Et en Alsace Bossue ?
     Dans cette région éminemment rurale et terre de vergers, cette tradition a longtemps perduré et se pratique encore de nos jours. Le pasteur Freddy Sarg, ethnologue de l’Alsace à ses heures et qui a collecté maintes traditions relevant de la mémoire immatérielle, a consacré une de ses études aux bouilleurs de cru de notre région : lire “A Schnapsbrenner vum Grumme“.

     Plus près de chez nous, à Lorentzen, Charles Bender, agriculteur à la retraite, bénéficiait encore du droit de distillation. Un jour, un ami lui rendit visite et Charles lui fit goûter sa “mirabelle 2000”. Ce breuvage au goût exquis suscita l’intérêt de cet ami pour qui la fabrication du schnaps comportait encore quelque mystère… Ce film de Thierry Roser de la webTV Télécigogne a pour but de faire découvrir aux uns les secrets de fabrication du schnaps et aux autres de revivre, avec nostalgie, quelques instants de leur passé de bouilleur de cru : voir en version alsacienne “Schnaps im Krumme“.

     A Weislingen même, nous avons suivi les péripéties d’une équipe de Schnapsbrenner à l’orée des années 2000 : voirLa saga du schnaps“.

     Enfin, plus récemment, Francis Haehnel, le président des arboriculteurs de Butten, confiait au journaliste ses secrets de fabrication d’une eau-de-vie de qualité (DNA/Edition de Sarre-Union, 12 mai 2017). Ecoutons-le…
“Tout commence dans le verger. Il faut récolter des fruits sains, mûrs et propres, sans queues ni feuilles, quitte à laver ceux qui sont tombés. Pour une bonne fermentation, il faut une matière liquide, donc broyer les fruits au préalable, remplir les fûts au maximum pour éviter l’oxydation.
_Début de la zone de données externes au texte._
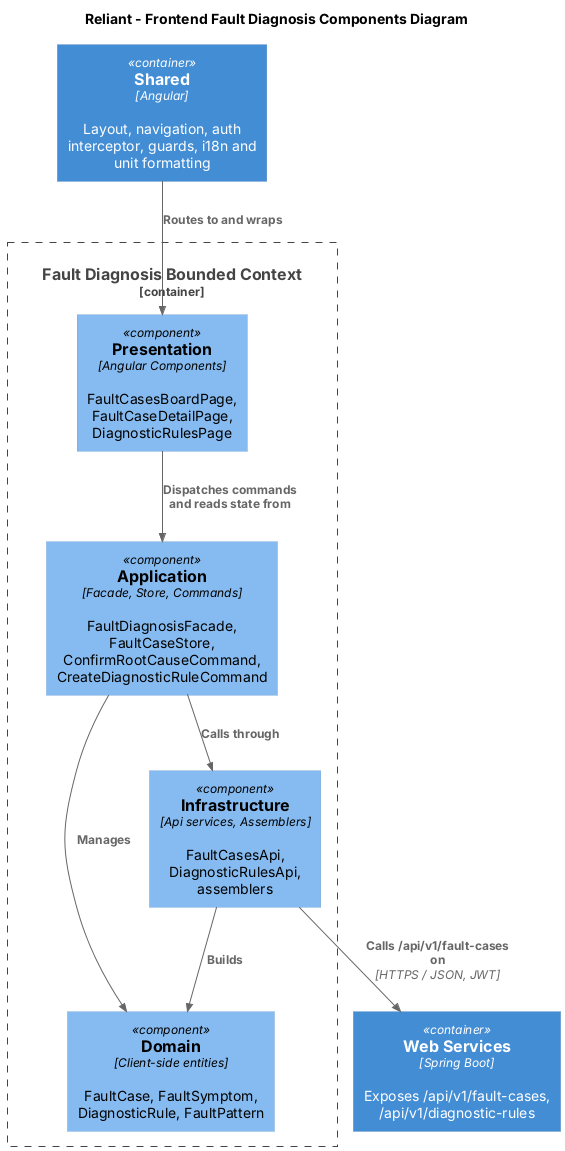

The diagram above was rendered by PlantUML. Its source (embedded in the PNG):
@startuml "Components-FaultDiagnosis-Frontend"
!includeurl https://raw.githubusercontent.com/plantuml-stdlib/C4-PlantUML/master/C4_Component.puml

title Reliant - Frontend Fault Diagnosis Components Diagram

Container(api, "Web Services", "Spring Boot", "Exposes /api/v1/fault-cases, /api/v1/diagnostic-rules")
Container(shared, "Shared", "Angular", "Layout, navigation, auth interceptor, guards, i18n and unit formatting")

Container_Boundary(bc, "Fault Diagnosis Bounded Context") {
    Component(presentation, "Presentation", "Angular Components", "FaultCasesBoardPage, FaultCaseDetailPage, DiagnosticRulesPage")
    Component(application, "Application", "Facade, Store, Commands", "FaultDiagnosisFacade, FaultCaseStore, ConfirmRootCauseCommand, CreateDiagnosticRuleCommand")
    Component(domain, "Domain", "Client-side entities", "FaultCase, FaultSymptom, DiagnosticRule, FaultPattern")
    Component(infrastructure, "Infrastructure", "Api services, Assemblers", "FaultCasesApi, DiagnosticRulesApi, assemblers")
}

Rel(shared, presentation, "Routes to and wraps")
Rel(presentation, application, "Dispatches commands and reads state from")
Rel(application, domain, "Manages")
Rel(application, infrastructure, "Calls through")
Rel(infrastructure, domain, "Builds")
Rel(infrastructure, api, "Calls /api/v1/fault-cases on", "HTTPS / JSON, JWT")
@enduml

Il faudra ensuite attendre entre six à dix semaines, en remuant toutes les 24h d’abord, puis toutes les 48h, pour éviter la formation d’une croûte. Quand la fermentation est achevée, je distille immédiatement. Les noyaux sont alors filtrés, et le liquide versé dans l’alambic. Une première passe fournit les eaux blanches, qui sont alors redistillées. L’eau-de-vie est le produit de cette deuxième passe, qui nécessite le plus de savoir-faire. Il faut être concentré, lucide, vigilant.  Le “Vorlauf” ou la tête, c’est à dire les premiers centilitres qui sortent de l’alambic, doivent être ôtés. On sait aujourd’hui que le premier alcool à s’évaporer est le méthanol, très nocif. J’enlève ainsi une dizaines de verres de 25cl. Puis au fur et à mesure que la température augmente dans l’alambic, vient le coeur. A la fin arrive le “Nachlauf” ou la queue, de plus en plus faible en alcool. Il faut savoir quand s’arrêter…. Aujourd’hui, distiller doit être une passion. C’est le plaisir d’offrir son propre schnaps, fait avec les fruits de son verger.” Et d’annoncer  la mise en place par ses soins de 3 ateliers de formation en 2017 et 2018. “Car c’est en partageant nos connaissances qu’on assurera la relève.”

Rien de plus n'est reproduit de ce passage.